Default is 1, which means that both groups have n_points / 2 elements.
discard_close_ind (int) – given any point i, defines the “close” points (following the labelling order along axis=0 of data_A and data_B) that are known to be significantly correlated with i. For example, this may occur when the data set is a time series, and axis=0 is the time dimension. If compute_error is True, “time-correlated” points are excluded by subsampling the data along axis=0 with stride discard_close_ind + 1. If compute_error is False, distances between each point i and points within the time window [i-discard_close_ind, i+discard_close_ind] are discarded. Default is 0, for which no distances between points close in time are discarded.
seed (int) – seed of JAX random generator, default is 0.

Returns:

imb_final (float) – final DII, also accessible as attribute of the CausalGraph object.
error_final (float) – error associated to final DII, also accessible as attribute of the CausalGraph object. If compute_error is False, error_final is set to None.

train(bar_label=None)[source]

Performs the full training of the DII, using the input attributes of the DiffImbalance object.

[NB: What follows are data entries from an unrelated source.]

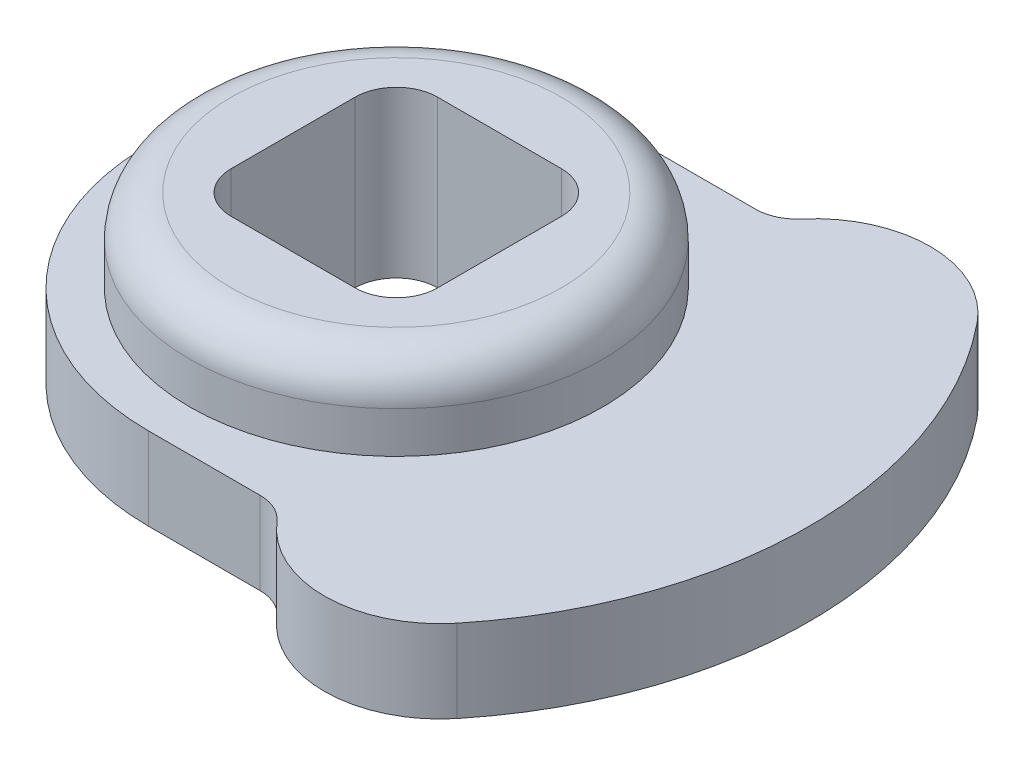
from build123d import *

# Parameters (mm, degrees)
SKETCH1_R           = 6.35
BOSS_EXTRUDE1_DEPTH = 5.08
BOSS_EXTRUDE2_DEPTH = 2.54
CUT_EXTRUDE1_DEPTH  = 17.549258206
FILLET1_R           = 1.27


with BuildPart() as part:
    # Sketch1 → Boss-Extrude1 (new body)
    with BuildSketch(Plane(origin=(0, 0, 0), x_dir=(1, 0, 0), z_dir=(0, 1, 0))):
        with Locations(Location((0, 0, 0), (0, 0, 270))):
            Circle(SKETCH1_R)
    extrude(amount=BOSS_EXTRUDE1_DEPTH)

    # Sketch2 → Boss-Extrude2 (add)
    with BuildSketch(Plane(origin=(0, 0, 0), x_dir=(1, 0, 0), z_dir=(0, 1, 0))):
        with BuildLine():
            Line((0, 7.62), (3.429, 7.62))
            ThreePointArc((3.429, 7.62), (3.961310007, 7.736940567), (4.395590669, 8.066226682))
            ThreePointArc((4.395590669, 8.066226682), (7.145413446, 9.315396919), (9.863950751, 7.99952971))
            ThreePointArc((9.863950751, 7.99952971), (12.7, 0), (9.863950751, -7.99952971))
            ThreePointArc((9.863950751, -7.99952971), (7.145413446, -9.315396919), (4.395590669, -8.066226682))
            ThreePointArc((4.395590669, -8.066226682), (3.961310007, -7.736940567), (3.429, -7.62))
            Line((3.429, -7.62), (0, -7.62))
            ThreePointArc((0, -7.62), (-7.62, 0), (0, 7.62))
        make_face()
    extrude(amount=BOSS_EXTRUDE2_DEPTH)

    # Sketch4 → Cut-Extrude1 (cut, through all)
    with BuildSketch(Plane(origin=(0, 5.08, 0), x_dir=(1, 0, 0), z_dir=(0, 1, 0))):
        with BuildLine():
            Line((-1.905, -3.175), (1.905, -3.175))
            ThreePointArc((1.905, -3.175), (2.803025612, -2.803025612), (3.175, -1.905))
            Line((3.175, -1.905), (3.175, 1.905))
            ThreePointArc((3.175, 1.905), (2.803025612, 2.803025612), (1.905, 3.175))
            Line((1.905, 3.175), (-1.905, 3.175))
            ThreePointArc((-1.905, 3.175), (-2.803025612, 2.803025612), (-3.175, 1.905))
            Line((-3.175, 1.905), (-3.175, -1.905))
            ThreePointArc((-3.175, -1.905), (-2.803025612, -2.803025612), (-1.905, -3.175))
        make_face()
    extrude(amount=-CUT_EXTRUDE1_DEPTH, mode=Mode.SUBTRACT)

    # Fillet1
    fillet1_edges = [part.edges().sort_by_distance(p)[0] for p in [
        (0, 5.08, -6.35),
    ]]
    fillet(fillet1_edges, radius=FILLET1_R)


solid = part.part
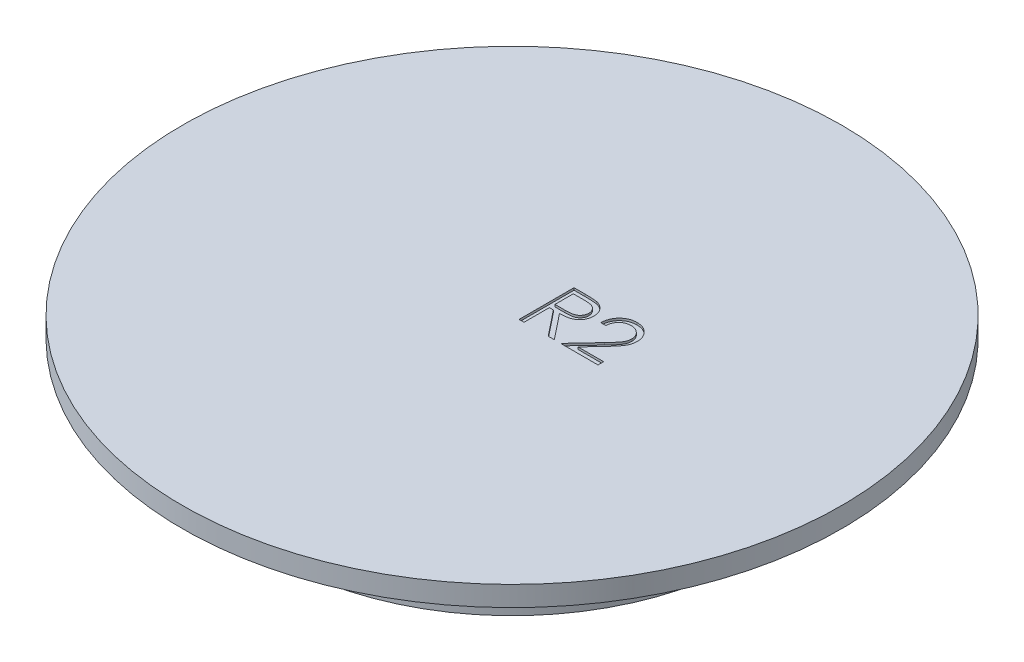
ISO-10303-21;
HEADER;
FILE_DESCRIPTION(('STEP AP214'),'2;1');
FILE_NAME('part.step','',(''),(''),'','','');
FILE_SCHEMA(('AUTOMOTIVE_DESIGN { 1 0 10303 214 1 1 1 1 }'));
ENDSEC;
DATA;
#1=APPLICATION_CONTEXT('core data for automotive mechanical design processes');
#2=APPLICATION_PROTOCOL_DEFINITION('international standard','automotive_design',2000,#1);
#3=PRODUCT_CONTEXT('',#1,'mechanical');
#4=PRODUCT('Part','Part','',(#3));
#5=PRODUCT_RELATED_PRODUCT_CATEGORY('part','',(#4));
#6=PRODUCT_DEFINITION_FORMATION('','',#4);
#7=PRODUCT_DEFINITION_CONTEXT('part definition',#1,'design');
#8=PRODUCT_DEFINITION('design','',#6,#7);
#9=PRODUCT_DEFINITION_SHAPE('','',#8);
#10=(LENGTH_UNIT() NAMED_UNIT(*) SI_UNIT(.MILLI.,.METRE.));
#11=(NAMED_UNIT(*) PLANE_ANGLE_UNIT() SI_UNIT($,.RADIAN.));
#12=(NAMED_UNIT(*) SI_UNIT($,.STERADIAN.) SOLID_ANGLE_UNIT());
#13=UNCERTAINTY_MEASURE_WITH_UNIT(LENGTH_MEASURE(1.E-05),#10,'distance_accuracy_value','');
#14=(GEOMETRIC_REPRESENTATION_CONTEXT(3) GLOBAL_UNCERTAINTY_ASSIGNED_CONTEXT((#13)) GLOBAL_UNIT_ASSIGNED_CONTEXT((#10,
#11,#12)) REPRESENTATION_CONTEXT('',''));
#15=CARTESIAN_POINT('',(0.,0.,0.));
#16=DIRECTION('',(0.,0.,1.));
#17=DIRECTION('',(1.,0.,0.));
#18=AXIS2_PLACEMENT_3D('',#15,#16,#17);
#19=CARTESIAN_POINT('',(0.,30.48,0.));
#20=DIRECTION('',(0.,1.,0.));
#21=DIRECTION('',(0.,0.,1.));
#22=AXIS2_PLACEMENT_3D('',#19,#20,#21);
#23=PLANE('',#22);
#24=CARTESIAN_POINT('',(18.5615384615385,30.48,-9.14847756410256));
#25=CARTESIAN_POINT('',(18.5592316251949,30.48,-9.23513292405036));
#26=CARTESIAN_POINT('',(18.5546852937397,30.48,-9.40591399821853));
#27=CARTESIAN_POINT('',(18.5145616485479,30.48,-9.65630632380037));
#28=CARTESIAN_POINT('',(18.4539263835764,30.48,-9.89784150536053));
#29=CARTESIAN_POINT('',(18.3670393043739,30.48,-10.131262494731));
#30=CARTESIAN_POINT('',(18.2523519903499,30.48,-10.3542224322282));
#31=CARTESIAN_POINT('',(18.1127485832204,30.48,-10.5669927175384));
#32=CARTESIAN_POINT('',(17.9516760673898,30.48,-10.7726926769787));
#33=CARTESIAN_POINT('',(17.7653443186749,30.48,-10.9655632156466));
#34=CARTESIAN_POINT('',(17.5606510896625,30.48,-11.1422064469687));
#35=CARTESIAN_POINT('',(17.3444090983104,30.48,-11.2986852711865));
#36=CARTESIAN_POINT('',(17.1156272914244,30.48,-11.4294557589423));
#37=CARTESIAN_POINT('',(16.8752702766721,30.48,-11.5366564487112));
#38=CARTESIAN_POINT('',(16.624008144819,30.48,-11.6207499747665));
#39=CARTESIAN_POINT('',(16.3613549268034,30.48,-11.6790196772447));
#40=CARTESIAN_POINT('',(16.0880363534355,30.48,-11.7156046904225));
#41=CARTESIAN_POINT('',(15.9014062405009,30.48,-11.7205546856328));
#42=CARTESIAN_POINT('',(15.8063100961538,30.48,-11.7230769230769));
#43=B_SPLINE_CURVE_WITH_KNOTS('',3,(#24,#25,#26,#27,#28,#29,#30,#31,#32,#33,#34,#35,#36,#37,#38,
#39,#40,#41,#42),.UNSPECIFIED.,.F.,.F.,(4,1,1,1,1,1,1,1,1,1,1,1,1,1,1,1,4),(0.,
0.0619654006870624,0.122121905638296,0.180988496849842,0.239933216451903,0.299905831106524,
0.359988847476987,0.421775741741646,0.486575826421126,0.551534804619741,0.61501754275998,
0.677258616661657,0.739729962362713,0.803050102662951,0.866495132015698,0.931973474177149,1.),.UNSPECIFIED.);
#44=CARTESIAN_POINT('',(18.5615384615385,30.48,-9.14847756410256));
#45=VERTEX_POINT('',#44);
#46=CARTESIAN_POINT('',(15.8063100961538,30.48,-11.7230769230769));
#47=VERTEX_POINT('',#46);
#48=EDGE_CURVE('E425',#45,#47,#43,.T.);
#49=ORIENTED_EDGE('',*,*,#48,.T.);
#50=CARTESIAN_POINT('',(15.8063100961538,30.48,-11.7230769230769));
#51=CARTESIAN_POINT('',(15.706993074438,30.48,-11.7204823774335));
#52=CARTESIAN_POINT('',(15.5119508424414,30.48,-11.7153871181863));
#53=CARTESIAN_POINT('',(15.2255874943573,30.48,-11.6797448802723));
#54=CARTESIAN_POINT('',(14.9524076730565,30.48,-11.6182556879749));
#55=CARTESIAN_POINT('',(14.6917241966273,30.48,-11.5341574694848));
#56=CARTESIAN_POINT('',(14.4430959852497,30.48,-11.427265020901));
#57=CARTESIAN_POINT('',(14.2077321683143,30.48,-11.2941264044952));
#58=CARTESIAN_POINT('',(13.9861611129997,30.48,-11.1352548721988));
#59=CARTESIAN_POINT('',(13.7779662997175,30.48,-10.955130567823));
#60=CARTESIAN_POINT('',(13.5861455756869,30.48,-10.7545881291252));
#61=CARTESIAN_POINT('',(13.4176097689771,30.48,-10.5310319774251));
#62=CARTESIAN_POINT('',(13.2703477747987,30.48,-10.2885439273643));
#63=CARTESIAN_POINT('',(13.1418628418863,30.48,-10.0277782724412));
#64=CARTESIAN_POINT('',(13.0375207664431,30.48,-9.74636884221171));
#65=CARTESIAN_POINT('',(12.9577896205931,30.48,-9.44531459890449));
#66=CARTESIAN_POINT('',(12.8947002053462,30.48,-9.12592272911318));
#67=CARTESIAN_POINT('',(12.8736235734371,30.48,-8.90535970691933));
#68=CARTESIAN_POINT('',(12.8628205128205,30.48,-8.79230769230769));
#69=B_SPLINE_CURVE_WITH_KNOTS('',3,(#50,#51,#52,#53,#54,#55,#56,#57,#58,#59,#60,#61,#62,#63,#64,
#65,#66,#67,#68),.UNSPECIFIED.,.F.,.F.,(4,1,1,1,1,1,1,1,1,1,1,1,1,1,1,1,4),(0.,
0.0644386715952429,0.126546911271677,0.18688715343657,0.245877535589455,0.304040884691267,
0.36219121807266,0.420975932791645,0.480660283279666,0.540600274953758,0.600689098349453,
0.661935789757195,0.724442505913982,0.789038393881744,0.856313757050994,0.926352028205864,1.),.UNSPECIFIED.);
#70=CARTESIAN_POINT('',(12.8628205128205,30.48,-8.79230769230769));
#71=VERTEX_POINT('',#70);
#72=EDGE_CURVE('E613',#47,#71,#69,.T.);
#73=ORIENTED_EDGE('',*,*,#72,.T.);
#74=DIRECTION('',(-1.,0.,0.));
#75=VECTOR('',#74,1.);
#76=CARTESIAN_POINT('',(12.8628205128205,30.48,-8.79230769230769));
#77=LINE('',#76,#75);
#78=CARTESIAN_POINT('',(11.7230769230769,30.48,-8.79230769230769));
#79=VERTEX_POINT('',#78);
#80=EDGE_CURVE('E607',#71,#79,#77,.T.);
#81=ORIENTED_EDGE('',*,*,#80,.T.);
#82=CARTESIAN_POINT('',(11.7230769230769,30.48,-8.79230769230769));
#83=CARTESIAN_POINT('',(11.7305051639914,30.48,-8.94351348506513));
#84=CARTESIAN_POINT('',(11.7450940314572,30.48,-9.24047763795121));
#85=CARTESIAN_POINT('',(11.8134138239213,30.48,-9.67345295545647));
#86=CARTESIAN_POINT('',(11.9111707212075,30.48,-10.087308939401));
#87=CARTESIAN_POINT('',(12.0493882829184,30.48,-10.4787226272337));
#88=CARTESIAN_POINT('',(12.2210424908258,30.48,-10.8511548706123));
#89=CARTESIAN_POINT('',(12.4268914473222,30.48,-11.2031263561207));
#90=CARTESIAN_POINT('',(12.6707091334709,30.48,-11.5332943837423));
#91=CARTESIAN_POINT('',(12.9472307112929,30.48,-11.8385981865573));
#92=CARTESIAN_POINT('',(13.2475626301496,30.48,-12.1186788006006));
#93=CARTESIAN_POINT('',(13.5716156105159,30.48,-12.3605421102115));
#94=CARTESIAN_POINT('',(13.9121389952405,30.48,-12.5648948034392));
#95=CARTESIAN_POINT('',(14.2680996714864,30.48,-12.7357324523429));
#96=CARTESIAN_POINT('',(14.6435137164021,30.48,-12.8639656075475));
#97=CARTESIAN_POINT('',(15.034974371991,30.48,-12.959112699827));
#98=CARTESIAN_POINT('',(15.4442015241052,30.48,-13.0163582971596));
#99=CARTESIAN_POINT('',(15.7230210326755,30.48,-13.0225115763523));
#100=CARTESIAN_POINT('',(15.8648237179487,30.48,-13.025641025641));
#101=B_SPLINE_CURVE_WITH_KNOTS('',3,(#82,#83,#84,#85,#86,#87,#88,#89,#90,#91,#92,#93,#94,#95,
#96,#97,#98,#99,#100),.UNSPECIFIED.,.F.,.F.,(4,1,1,1,1,1,1,1,1,1,1,1,1,1,1,1,4),(0.,
0.0687907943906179,0.135103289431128,0.198978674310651,0.261904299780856,0.323494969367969,
0.385195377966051,0.446969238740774,0.509764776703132,0.572250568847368,0.633405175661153,
0.693251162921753,0.75258316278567,0.812579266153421,0.873275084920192,0.935549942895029,1.),.UNSPECIFIED.);
#102=CARTESIAN_POINT('',(15.8648237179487,30.48,-13.025641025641));
#103=VERTEX_POINT('',#102);
#104=EDGE_CURVE('E599',#79,#103,#101,.T.);
#105=ORIENTED_EDGE('',*,*,#104,.T.);
#106=CARTESIAN_POINT('',(15.8648237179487,30.48,-13.025641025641));
#107=CARTESIAN_POINT('',(16.0040813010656,30.48,-13.0223809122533));
#108=CARTESIAN_POINT('',(16.2777174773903,30.48,-13.0159749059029));
#109=CARTESIAN_POINT('',(16.6770853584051,30.48,-12.9609620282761));
#110=CARTESIAN_POINT('',(17.0572772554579,30.48,-12.8747994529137));
#111=CARTESIAN_POINT('',(17.417550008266,30.48,-12.7539120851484));
#112=CARTESIAN_POINT('',(17.7550291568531,30.48,-12.5914085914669));
#113=CARTESIAN_POINT('',(18.072249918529,30.48,-12.3962003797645));
#114=CARTESIAN_POINT('',(18.372988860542,30.48,-12.1704312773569));
#115=CARTESIAN_POINT('',(18.6437049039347,30.48,-11.9046245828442));
#116=CARTESIAN_POINT('',(18.8922913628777,30.48,-11.6208616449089));
#117=CARTESIAN_POINT('',(19.1067481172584,30.48,-11.3179198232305));
#118=CARTESIAN_POINT('',(19.2904015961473,30.48,-11.0050307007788));
#119=CARTESIAN_POINT('',(19.4434826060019,30.48,-10.6798083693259));
#120=CARTESIAN_POINT('',(19.5561720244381,30.48,-10.339190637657));
#121=CARTESIAN_POINT('',(19.6417272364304,30.48,-9.98813650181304));
#122=CARTESIAN_POINT('',(19.6900867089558,30.48,-9.62301218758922));
#123=CARTESIAN_POINT('',(19.6975086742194,30.48,-9.3758826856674));
#124=CARTESIAN_POINT('',(19.7012820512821,30.48,-9.25024038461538));
#125=B_SPLINE_CURVE_WITH_KNOTS('',3,(#106,#107,#108,#109,#110,#111,#112,#113,#114,#115,#116,
#117,#118,#119,#120,#121,#122,#123,#124),.UNSPECIFIED.,.F.,.F.,(4,1,1,1,1,1,1,1,1,1,1,1,1,1,1,1,
4),(0.,0.0694754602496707,0.136516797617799,0.200788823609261,0.263829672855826,
0.32573502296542,0.387290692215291,0.449509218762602,0.512967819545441,0.576275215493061,
0.637580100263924,0.697902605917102,0.757172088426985,0.816598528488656,0.87665317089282,
0.93728964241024,1.),.UNSPECIFIED.);
#126=CARTESIAN_POINT('',(19.7012820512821,30.48,-9.25024038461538));
#127=VERTEX_POINT('',#126);
#128=EDGE_CURVE('E591',#103,#127,#125,.T.);
#129=ORIENTED_EDGE('',*,*,#128,.T.);
#130=CARTESIAN_POINT('',(19.7012820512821,30.48,-9.25024038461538));
#131=CARTESIAN_POINT('',(19.69513792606,30.48,-9.07335538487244));
#132=CARTESIAN_POINT('',(19.6829574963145,30.48,-8.72268946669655));
#133=CARTESIAN_POINT('',(19.5787653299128,30.48,-8.20737839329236));
#134=CARTESIAN_POINT('',(19.4160365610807,30.48,-7.70811084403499));
#135=CARTESIAN_POINT('',(19.2201032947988,30.48,-7.30629263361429));
#136=CARTESIAN_POINT('',(19.0224461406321,30.48,-6.98250252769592));
#137=CARTESIAN_POINT('',(18.844328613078,30.48,-6.71591608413));
#138=CARTESIAN_POINT('',(18.635813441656,30.48,-6.42887624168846));
#139=CARTESIAN_POINT('',(18.3938657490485,30.48,-6.12234418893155));
#140=CARTESIAN_POINT('',(18.1234904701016,30.48,-5.79391890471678));
#141=CARTESIAN_POINT('',(17.8222386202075,30.48,-5.44379878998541));
#142=CARTESIAN_POINT('',(17.4879619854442,30.48,-5.07560122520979));
#143=CARTESIAN_POINT('',(17.2533439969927,30.48,-4.82412090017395));
#144=CARTESIAN_POINT('',(17.1317708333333,30.48,-4.69381009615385));
#145=B_SPLINE_CURVE_WITH_KNOTS('',3,(#130,#131,#132,#133,#134,#135,#136,#137,#138,#139,#140,
#141,#142,#143,#144),.UNSPECIFIED.,.F.,.F.,(4,1,1,1,1,1,1,1,1,1,1,1,4),(0.,0.0987021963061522,
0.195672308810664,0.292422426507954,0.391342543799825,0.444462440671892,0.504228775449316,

Notice that when mini-batches are employed, for efficiency reasons the DII is not recomputed over the full data set at each training epoch. To access the value of the DII over the full data set, use after training the method ‘return_final_dii’.

Parameters:

bar_label (str) – label on the tqdm training bar, useful when several trains are performed.

Returns:

params_training (np.array(float)) – matrix of shape (num_epochs+1, n_features_A) containing the feature weights during the training, starting from their initialization. Also accessible as attribute of the CausalGraph object.
imbs_training (np.array(float)) – array of shape (num_epochs+1,) containing the DII during the training. Element imbs_training[i] is the DII computed over the last mini-batch used in training epoch i. The same output is accessible as attribute of the CausalGraph object.